Association of Sir proteins with HML silencers. Chromatin immunoprecipitations from MATα strains described in Figure 1. Immunoprecipitated DNA was analyzed by simultaneous amplification of HML-E (panels 1, 3, and 5) or HML-I (panels 2, 4, and 6) and the SSC1 promoter (bottom bands). The template DNA was serially diluted twofold, starting with 1/19,000 of the input DNA or 1/250 (panels 1 and 2) or 1/125 (panel 3) of immunoprecipitated DNA.

Figure 8

Models for Sir protein action. (A) Formation of silenced chromatin. Sir proteins (1–4) associate with ORC, Rap1p (R), and Abf1p (A) DNA binding proteins through protein–protein interactions (straight arrows). Sir2p then deacetylates the H3 and H4 tails of the neighboring nucleosome (line 2), creating binding sites for Sir3p and Sir4p (line 3).
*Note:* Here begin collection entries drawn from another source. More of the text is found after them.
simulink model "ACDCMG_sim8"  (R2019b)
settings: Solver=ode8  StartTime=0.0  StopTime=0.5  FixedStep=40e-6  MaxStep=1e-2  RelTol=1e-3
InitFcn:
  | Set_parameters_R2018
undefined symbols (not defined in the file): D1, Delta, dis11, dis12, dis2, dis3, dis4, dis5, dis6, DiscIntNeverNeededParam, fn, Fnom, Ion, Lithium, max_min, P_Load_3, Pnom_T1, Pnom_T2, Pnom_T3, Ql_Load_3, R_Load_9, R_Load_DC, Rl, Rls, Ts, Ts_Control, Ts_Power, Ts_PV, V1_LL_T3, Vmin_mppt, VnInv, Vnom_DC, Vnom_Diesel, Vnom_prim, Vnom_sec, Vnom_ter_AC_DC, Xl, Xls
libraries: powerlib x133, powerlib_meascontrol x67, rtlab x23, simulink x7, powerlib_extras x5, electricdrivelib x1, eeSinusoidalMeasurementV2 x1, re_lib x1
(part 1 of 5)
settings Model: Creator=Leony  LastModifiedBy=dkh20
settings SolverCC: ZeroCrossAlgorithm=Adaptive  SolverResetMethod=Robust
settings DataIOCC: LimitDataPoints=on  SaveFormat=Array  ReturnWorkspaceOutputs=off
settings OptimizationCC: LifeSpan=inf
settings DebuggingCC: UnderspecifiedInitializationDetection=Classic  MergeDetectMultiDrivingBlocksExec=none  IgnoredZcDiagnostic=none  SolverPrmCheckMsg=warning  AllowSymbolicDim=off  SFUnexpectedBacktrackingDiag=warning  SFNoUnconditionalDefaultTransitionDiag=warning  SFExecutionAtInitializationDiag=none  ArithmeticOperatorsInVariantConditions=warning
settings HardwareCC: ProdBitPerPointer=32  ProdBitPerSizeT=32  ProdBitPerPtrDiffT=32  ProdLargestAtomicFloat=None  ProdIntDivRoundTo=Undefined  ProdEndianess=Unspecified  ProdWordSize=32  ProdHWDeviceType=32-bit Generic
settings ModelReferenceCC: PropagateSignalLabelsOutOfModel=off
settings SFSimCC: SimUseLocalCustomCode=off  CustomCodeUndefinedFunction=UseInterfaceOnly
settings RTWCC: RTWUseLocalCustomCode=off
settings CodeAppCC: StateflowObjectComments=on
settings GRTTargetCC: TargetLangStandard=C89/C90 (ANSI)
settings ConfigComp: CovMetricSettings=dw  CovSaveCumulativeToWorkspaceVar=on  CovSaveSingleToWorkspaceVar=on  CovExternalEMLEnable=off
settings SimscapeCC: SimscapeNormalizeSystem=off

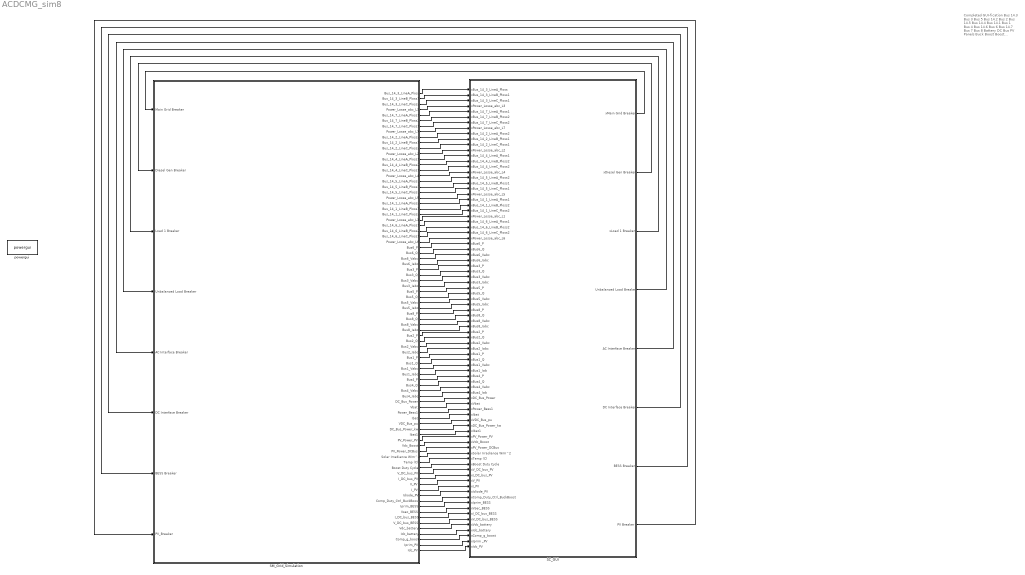
== system ACDCMG_sim8 ==
  note: Completed GUI-fication
      |
      | Bus 14.3
      | Bus 3
      | Bus 5
      | Bus 14.2
      | Bus 2
      | Bus 14.5
      | Bus 14.4
      | Bus 14.1
      | Bus 1
      | Bus 4
      | Bus 14.6
      | Bus 6
      | Bus 14.7
      | Bus 7
      | Bus 8
      | Battery
      | DC Bus
      | PV Panels
      | Buck Boost
      | Boost
      | Inverter
  SC_GUI : Subsystem
  SM_Grid_Simulation : Subsystem
  powergui : powerlib/powergui  Priority=1  SimulationMode=Discrete  SampleTime=Ts_Power  frequency=60  Iterations=50  frequencyindice=0  Pbase=100e6  ErrMax=1e-4  UnitsV=kV  UnitsW=MW  buscounter=0  FunctionMessages=off  echomessages=off  EnableUseOfTLC=off  CurrentSourceSwitches=off  DisableSnubberDevices=off  DisableRonSwitches=off  DisableVfSwitches=off  DisplayEquations=off  AutomaticDiscreteSolvers=off  SolverType=Tustin/Backward Euler (TBE)  Interpol=off  ExternalGateDelay=off  methode=off  Ts=100  x0status=blocks  SPID=on  SwTol=0  HookPort=off  NonlinearTolerance=1e-4  nMaxIteration=100  ContinueOnMaxIteration=off  RestoreLinks=warning  ResistiveCurrentMeasurement=off  Frange=[0:2:500]  Ylog=off  Xlog=on  ShowGrid=off  save=off  variable=ZData  structure=0  ZoomFFT=off  StartTime=0.0  cycles=1  DisplayStyle=1  fundamental=60  FreqAxis=off  MaxFrequency=1000  frequencyindicesteady=1  RmsSteady=1  display=off
      settings: SourceProductName=Simscape Electrical
  wires:
  SM_Grid_Simulation/1(Bus_14_3_LineA_Ploss) -> SC_GUI/1(xBus_14_3_LineA_Ploss)
  SM_Grid_Simulation/2(Bus_14_3_LineB_Ploss1) -> SC_GUI/2(xBus_14_3_LineB_Ploss1)
  SM_Grid_Simulation/3(Bus_14_3_LineC_Ploss2) -> SC_GUI/3(xBus_14_3_LineC_Ploss1)
  SM_Grid_Simulation/4(Power_Losse_abc_L3) -> SC_GUI/4(xPower_Losse_abc_L3)
  SM_Grid_Simulation/5(Bus_14_7_LineA_Ploss1) -> SC_GUI/5(xBus_14_7_LineA_Ploss1)
  SM_Grid_Simulation/6(Bus_14_7_LineB_Ploss2) -> SC_GUI/6(xBus_14_7_LineB_Ploss2)
  SM_Grid_Simulation/7(Bus_14_7_LineC_Ploss1) -> SC_GUI/7(xBus_14_7_LineC_Ploss2)
  SM_Grid_Simulation/8(Power_Losse_abc_L7) -> SC_GUI/8(xPower_Losse_abc_L7)
  SM_Grid_Simulation/9(Bus_14_2_LineA_Ploss2) -> SC_GUI/9(xBus_14_2_LineA_Ploss2)
  SM_Grid_Simulation/10(Bus_14_2_LineB_Ploss1) -> SC_GUI/10(xBus_14_2_LineB_Ploss1)
  SM_Grid_Simulation/11(Bus_14_2_LineC_Ploss2) -> SC_GUI/11(xBus_14_2_LineC_Ploss1)
  SM_Grid_Simulation/12(Power_Losse_abc_L2) -> SC_GUI/12(xPower_Losse_abc_L2)
  SM_Grid_Simulation/13(Bus_14_4_LineA_Ploss1) -> SC_GUI/13(xBus_14_4_LineA_Ploss1)
  SM_Grid_Simulation/14(Bus_14_4_LineB_Ploss2) -> SC_GUI/14(xBus_14_4_LineB_Ploss2)
  SM_Grid_Simulation/15(Bus_14_4_LineC_Ploss1) -> SC_GUI/15(xBus_14_4_LineC_Ploss2)
  SM_Grid_Simulation/16(Power_Losse_abc_L4) -> SC_GUI/16(xPower_Losse_abc_L4)
  SM_Grid_Simulation/17(Bus_14_5_LineA_Ploss3) -> SC_GUI/17(xBus_14_5_LineA_Ploss2)
  SM_Grid_Simulation/18(Bus_14_5_LineB_Ploss3) -> SC_GUI/18(xBus_14_5_LineB_Ploss1)
  SM_Grid_Simulation/19(Bus_14_5_LineC_Ploss3) -> SC_GUI/19(xBus_14_5_LineC_Ploss1)
  SM_Grid_Simulation/20(Power_Losse_abc_L5) -> SC_GUI/20(xPower_Losse_abc_L5)
  SM_Grid_Simulation/21(Bus_14_1_LineA_Ploss2) -> SC_GUI/21(xBus_14_1_LineA_Ploss1)
  SM_Grid_Simulation/22(Bus_14_1_LineB_Ploss1) -> SC_GUI/22(xBus_14_1_LineB_Ploss2)
  SM_Grid_Simulation/23(Bus_14_1_LineC_Ploss2) -> SC_GUI/23(xBus_14_1_LineC_Ploss2)
  SM_Grid_Simulation/24(Power_Losse_abc_L1) -> SC_GUI/24(xPower_Losse_abc_L1)
  SM_Grid_Simulation/25(Bus_14_6_LineA_Ploss1) -> SC_GUI/25(xBus_14_6_LineA_Ploss1)
  SM_Grid_Simulation/26(Bus_14_6_LineB_Ploss2) -> SC_GUI/26(xBus_14_6_LineB_Ploss2)
  SM_Grid_Simulation/27(Bus_14_6_LineC_Ploss1) -> SC_GUI/27(xBus_14_6_LineC_Ploss2)
  SM_Grid_Simulation/28(Power_Losse_abc_L6) -> SC_GUI/28(xPower_Losse_abc_L6)
  SM_Grid_Simulation/29(Bus6_P) -> SC_GUI/29(xBus6_P)
  SM_Grid_Simulation/30(Bus6_Q) -> SC_GUI/30(xBus6_Q)
  SM_Grid_Simulation/31(Bus6_Vabc) -> SC_GUI/31(xBus6_Vabc)
  SM_Grid_Simulation/32(Bus6_Iabc) -> SC_GUI/32(xBus6_Iabc)
  SM_Grid_Simulation/33(Bus3_P) -> SC_GUI/33(xBus3_P)
  SM_Grid_Simulation/34(Bus3_Q) -> SC_GUI/34(xBus3_Q)
  SM_Grid_Simulation/35(Bus3_Vabc) -> SC_GUI/35(xBus3_Vabc)
  SM_Grid_Simulation/36(Bus3_Iabc) -> SC_GUI/36(xBus3_Iabc)
  SM_Grid_Simulation/37(Bus5_P) -> SC_GUI/37(xBus5_P)
  SM_Grid_Simulation/38(Bus5_Q) -> SC_GUI/38(xBus5_Q)
  SM_Grid_Simulation/39(Bus5_Vabc) -> SC_GUI/39(xBus5_Vabc)
  SM_Grid_Simulation/40(Bus5_Iabc) -> SC_GUI/40(xBus5_Iabc)
  SM_Grid_Simulation/41(Bus8_P) -> SC_GUI/41(xBus8_P)
  SM_Grid_Simulation/42(Bus8_Q) -> SC_GUI/42(xBus8_Q)
  SM_Grid_Simulation/43(Bus8_Vabc) -> SC_GUI/43(xBus8_Vabc)
  SM_Grid_Simulation/44(Bus8_Iabc) -> SC_GUI/44(xBus8_Iabc)
  SM_Grid_Simulation/45(Bus2_P) -> SC_GUI/45(xBus2_P)
  SM_Grid_Simulation/46(Bus2_Q) -> SC_GUI/46(xBus2_Q)
  SM_Grid_Simulation/47(Bus2_Vabc) -> SC_GUI/47(xBus2_Vabc)
  SM_Grid_Simulation/48(Bus2_Iabc) -> SC_GUI/48(xBus2_Iabc)
  SM_Grid_Simulation/49(Bus1_P) -> SC_GUI/49(xBus1_P)
  SM_Grid_Simulation/50(Bus1_Q) -> SC_GUI/50(xBus1_Q)
  SM_Grid_Simulation/51(Bus1_Vabc) -> SC_GUI/51(xBus1_Vabc)
  SM_Grid_Simulation/52(Bus1_Iabc) -> SC_GUI/52(xBus1_Iab)
  SM_Grid_Simulation/53(Bus4_P) -> SC_GUI/53(xBus4_P)
  SM_Grid_Simulation/54(Bus4_Q) -> SC_GUI/54(xBus4_Q)
  SM_Grid_Simulation/55(Bus4_Vabc) -> SC_GUI/55(xBus4_Vabc)
  SM_Grid_Simulation/56(Bus4_Iabc) -> SC_GUI/56(xBus4_Iab)
  SM_Grid_Simulation/57(DC_Bus_Power) -> SC_GUI/57(xDC_Bus_Power)
  SM_Grid_Simulation/58(Vbat) -> SC_GUI/58(xVbat)
  SM_Grid_Simulation/59(Power_Bess1) -> SC_GUI/59(xPower_Bess1)
  SM_Grid_Simulation/60(Ibat) -> SC_GUI/60(xIbat)
  SM_Grid_Simulation/61(VDC_Bus_pu) -> SC_GUI/61(xVDC_Bus_pu)
  SM_Grid_Simulation/62(DC_Bus_Power_kw) -> SC_GUI/62(xDC_Bus_Power_kw)
  SM_Grid_Simulation/63(Ibat1) -> SC_GUI/63(xIbat1)
  SM_Grid_Simulation/64(PV_Power_PV) -> SC_GUI/64(xPV_Power_PV)
  SM_Grid_Simulation/65(Vdc_Boost) -> SC_GUI/65(xVdc_Boost)
  SM_Grid_Simulation/66(PV_Power_DCBus) -> SC_GUI/66(xPV_Power_DCBus)
  SM_Grid_Simulation/67(Solar Irradiance W/m^2) -> SC_GUI/67(xSolar Irradiance W/m^2)
  SM_Grid_Simulation/68(Temp (C)) -> SC_GUI/68(xTemp (C))
  SM_Grid_Simulation/69(Boost Duty Cycle) -> SC_GUI/69(xBoost Duty Cycle)
  SM_Grid_Simulation/70(V_DC_bus_PV) -> SC_GUI/70(xV_DC_bus_PV)
  SM_Grid_Simulation/71(I_DC_bus_PV) -> SC_GUI/71(xI_DC_bus_PV)
  SM_Grid_Simulation/72(V_PV) -> SC_GUI/72(xV_PV)
  SM_Grid_Simulation/73(I_PV) -> SC_GUI/73(xI_PV)
  SM_Grid_Simulation/74(Idiode_PV) -> SC_GUI/74(xIdiode_PV)
  SM_Grid_Simulation/75(Comp_Duty_Ctrl_BuckBoost) -> SC_GUI/75(xComp_Duty_Ctrl_BuckBoost)
  SM_Grid_Simulation/76(Iprim_BESS) -> SC_GUI/76(xIprim_BESS)
  SM_Grid_Simulation/77(Vsec_BESS) -> SC_GUI/77(xVsec_BESS)
  SM_Grid_Simulation/78(I_DC_bus_BESS) -> SC_GUI/78(xI_DC_bus_BESS)
  SM_Grid_Simulation/79(V_DC_bus_BESS) -> SC_GUI/79(xV_DC_bus_BESS)
  SM_Grid_Simulation/80(Vdc_battery) -> SC_GUI/80(xVdc_battery)
  SM_Grid_Simulation/81(Idc_battery) -> SC_GUI/81(xIdc_battery)
  SM_Grid_Simulation/82(Comp_g_boost) -> SC_GUI/82(xComp_g_boost)
  SM_Grid_Simulation/83(Iprim_PV) -> SC_GUI/83(xIprim _PV)
  SM_Grid_Simulation/84(Idc_PV) -> SC_GUI/84(xIdc_PV)
  SC_GUI/1(xMain Grid Breaker) -> SM_Grid_Simulation/1(Main Grid Breaker)
  SC_GUI/2(xDiesel Gen Breaker) -> SM_Grid_Simulation/2(Diesel Gen Breaker)
  SC_GUI/3(xLoad 1 Breaker) -> SM_Grid_Simulation/3(Load 1 Breaker)
  SC_GUI/4(Unbalanced Load Breaker) -> SM_Grid_Simulation/4(Unbalanced Load Breaker)
  SC_GUI/5(AC Interface Breaker) -> SM_Grid_Simulation/5(AC Interface Breaker)
  SC_GUI/6(DC Interface Breaker) -> SM_Grid_Simulation/6(DC Interface Breaker)
  SC_GUI/7(BESS Breaker) -> SM_Grid_Simulation/7(BESS Breaker)
  SC_GUI/8(PV Breaker) -> SM_Grid_Simulation/8(PV_Breaker)

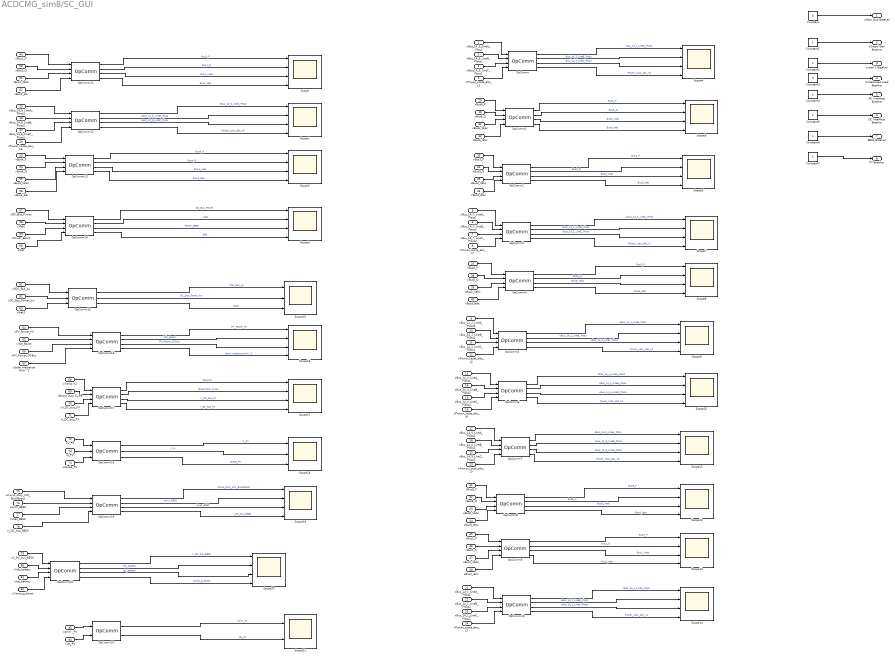
== system ACDCMG_sim8/SC_GUI ==
  xBus_14_3_LineA_Ploss : Inport
  xBus_14_3_LineB_Ploss1 : Inport  Port=2
  xBus_14_3_LineC_Ploss1 : Inport  Port=3
  xPower_Losse_abc_L3 : Inport  Port=4
  xBus_14_7_LineA_Ploss1 : Inport  Port=5
  xBus_14_7_LineB_Ploss2 : Inport  Port=6
  xBus_14_7_LineC_Ploss2 : Inport  Port=7
  xPower_Losse_abc_L7 : Inport  Port=8
  xBus_14_2_LineA_Ploss2 : Inport  Port=9
  xBus_14_2_LineB_Ploss1 : Inport  Port=10
  xBus_14_2_LineC_Ploss1 : Inport  Port=11
  xPower_Losse_abc_L2 : Inport  Port=12
  xBus_14_4_LineA_Ploss1 : Inport  Port=13
  xBus_14_4_LineB_Ploss2 : Inport  Port=14
  xBus_14_4_LineC_Ploss2 : Inport  Port=15
  xPower_Losse_abc_L4 : Inport  Port=16
  xBus_14_5_LineA_Ploss2 : Inport  Port=17
  xBus_14_5_LineB_Ploss1 : Inport  Port=18
  xBus_14_5_LineC_Ploss1 : Inport  Port=19
  xPower_Losse_abc_L5 : Inport  Port=20
  xBus_14_1_LineA_Ploss1 : Inport  Port=21
  xBus_14_1_LineB_Ploss2 : Inport  Port=22
  xBus_14_1_LineC_Ploss2 : Inport  Port=23
  xPower_Losse_abc_L1 : Inport  Port=24
  xBus_14_6_LineA_Ploss1 : Inport  Port=25
  xBus_14_6_LineB_Ploss2 : Inport  Port=26
  xBus_14_6_LineC_Ploss2 : Inport  Port=27
  xPower_Losse_abc_L6 : Inport  Port=28
  xBus6_P : Inport  Port=29
  xBus6_Q : Inport  Port=30
  xBus6_Vabc : Inport  Port=31
  xBus6_Iabc : Inport  Port=32
  xBus3_P : Inport  Port=33
  xBus3_Q : Inport  Port=34
  xBus3_Vabc : Inport  Port=35
  xBus3_Iabc : Inport  Port=36
  xBus5_P : Inport  Port=37
  xBus5_Q : Inport  Port=38
  xBus5_Vabc : Inport  Port=39
  xBus5_Iabc : Inport  Port=40
  xBus8_P : Inport  Port=41
  xBus8_Q : Inport  Port=42
  xBus8_Vabc : Inport  Port=43
  xBus8_Iabc : Inport  Port=44
  xBus2_P : Inport  Port=45
  xBus2_Q : Inport  Port=46
  xBus2_Vabc : Inport  Port=47
  xBus2_Iabc : Inport  Port=48
  xBus1_P : Inport  Port=49
  xBus1_Q : Inport  Port=50
  xBus1_Vabc : Inport  Port=51
  xBus1_Iab : Inport  Port=52
  xBus4_P : Inport  Port=53
  xBus4_Q : Inport  Port=54
  xBus4_Vabc : Inport  Port=55
  xBus4_Iab : Inport  Port=56
  xDC_Bus_Power : Inport  Port=57
  xVbat : Inport  Port=58
  xPower_Bess1 : Inport  Port=59
  xIbat : Inport  Port=60
  xVDC_Bus_pu : Inport  Port=61
  xDC_Bus_Power_kw : Inport  Port=62
  xIbat1 : Inport  Port=63
  xPV_Power_PV : Inport  Port=64
  xVdc_Boost : Inport  Port=65
  xPV_Power_DCBus : Inport  Port=66
  xSolar Irradiance W/m^2 : Inport  Port=67
  xTemp (C) : Inport  Port=68
  xBoost Duty Cycle : Inport  Port=69
  xV_DC_bus_PV : Inport  Port=70
  xI_DC_bus_PV : Inport  Port=71
  xV_PV : Inport  Port=72
  xI_PV : Inport  Port=73
  xIdiode_PV : Inport  Port=74
  xComp_Duty_Ctrl_BuckBoost : Inport  Port=75
  xIprim_BESS : Inport  Port=76
  xVsec_BESS : Inport  Port=77
  xI_DC_bus_BESS : Inport  Port=78
  xV_DC_bus_BESS : Inport  Port=79
  xVdc_battery : Inport  Port=80
  xIdc_battery : Inport  Port=81
  xComp_g_boost : Inport  Port=82
  xIprim _PV : Inport  Port=83
  xIdc_PV : Inport  Port=84
  Constant : Constant  Value=0
  Constant{1..2,4..7} (6 alike) : Constant
  Constant3 : Constant  Value=0
  OpComm : rtlab/OpComm  nbport=4  groupe_acq=1  subsys_rate=0  st=0  Synchronization=on  Interpolation=on  Threshold=1.0  Missed_Data=off  Sim_Time=off  Samples=off  dynSigOut=off  from_console=0  warning_done=off  writeOpCommFile=off  Offset=off
      settings: SourceProductName=RT-LAB
  OpComm1 : rtlab/OpComm  nbport=4  groupe_acq=2  subsys_rate=0  st=0  Synchronization=on  Interpolation=on  Threshold=1.0  Missed_Data=off  Sim_Time=off  Samples=off  dynSigOut=off  from_console=0  warning_done=off  writeOpCommFile=off  Offset=off
      settings: SourceProductName=RT-LAB
  OpComm10 : rtlab/OpComm  nbport=4  groupe_acq=11  subsys_rate=0  st=0  Synchronization=on  Interpolation=on  Threshold=1.0  Missed_Data=off  Sim_Time=off  Samples=off  dynSigOut=off  from_console=0  warning_done=off  writeOpCommFile=off  Offset=off
      settings: SourceProductName=RT-LAB
  OpComm11 : rtlab/OpComm  nbport=4  groupe_acq=12  subsys_rate=0  st=0  Synchronization=on  Interpolation=on  Threshold=1.0  Missed_Data=off  Sim_Time=off  Samples=off  dynSigOut=off  from_console=0  warning_done=off  writeOpCommFile=off  Offset=off
      settings: SourceProductName=RT-LAB
  OpComm12 : rtlab/OpComm  nbport=4  groupe_acq=13  subsys_rate=0  st=0  Synchronization=on  Interpolation=on  Threshold=1.0  Missed_Data=off  Sim_Time=off  Samples=off  dynSigOut=off  from_console=0  warning_done=off  writeOpCommFile=off  Offset=off
      settings: SourceProductName=RT-LAB
  OpComm13 : rtlab/OpComm  nbport=4  groupe_acq=14  subsys_rate=0  st=0  Synchronization=on  Interpolation=on  Threshold=1.0  Missed_Data=off  Sim_Time=off  Samples=off  dynSigOut=off  from_console=0  warning_done=off  writeOpCommFile=off  Offset=off
      settings: SourceProductName=RT-LAB
  OpComm14 : rtlab/OpComm  nbport=4  groupe_acq=16  subsys_rate=0  st=0  Synchronization=on  Interpolation=on  Threshold=1.0  Missed_Data=off  Sim_Time=off  Samples=off  dynSigOut=off  from_console=0  warning_done=off  writeOpCommFile=off  Offset=off
      settings: SourceProductName=RT-LAB
  OpComm15 : rtlab/OpComm  nbport=3  groupe_acq=17  subsys_rate=0  st=0  Synchronization=on  Interpolation=on  Threshold=1.0  Missed_Data=off  Sim_Time=off  Samples=off  dynSigOut=off  from_console=0  warning_done=off  writeOpCommFile=off  Offset=off
      settings: SourceProductName=RT-LAB
  OpComm16 : rtlab/OpComm  nbport=4  groupe_acq=18  subsys_rate=0  st=0  Synchronization=on  Interpolation=on  Threshold=1.0  Missed_Data=off  Sim_Time=off  Samples=off  dynSigOut=off  from_console=0  warning_done=off  writeOpCommFile=off  Offset=off
      settings: SourceProductName=RT-LAB
  OpComm17 : rtlab/OpComm  nbport=4  groupe_acq=19  subsys_rate=0  st=0  Synchronization=on  Interpolation=on  Threshold=1.0  Missed_Data=off  Sim_Time=off  Samples=off  dynSigOut=off  from_console=0  warning_done=off  writeOpCommFile=off  Offset=off
      settings: SourceProductName=RT-LAB
  OpComm18 : rtlab/OpComm  nbport=3  groupe_acq=20  subsys_rate=0  st=0  Synchronization=on  Interpolation=on  Threshold=1.0  Missed_Data=off  Sim_Time=off  Samples=off  dynSigOut=off  from_console=0  warning_done=off  writeOpCommFile=off  Offset=off
      settings: SourceProductName=RT-LAB
  OpComm19 : rtlab/OpComm  nbport=4  groupe_acq=21  subsys_rate=0  st=0  Synchronization=on  Interpolation=on  Threshold=1.0  Missed_Data=off  Sim_Time=off  Samples=off  dynSigOut=off  from_console=0  warning_done=off  writeOpCommFile=off  Offset=off
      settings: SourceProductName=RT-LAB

Sir2p deacetylates the next nucleosome, and the process repeats itself. (B) Boundaries of silenced chromatin. Sir protein spreading is interrupted by a gap in the nucleosome array (line 1) or a highly acetylated nucleosome (line 2). (C) Inheritance of silenced chromatin. The newly replicated silenced locus contains a mixture of hypoacetylated nucleosomes associated with Sir proteins and newly synthesized acetylated nucleosomes (line 1). Sir2p deacetylates neighboring nucleosomes, creating binding sites for Sir3p and Sir4p and reforming silenced chromatin.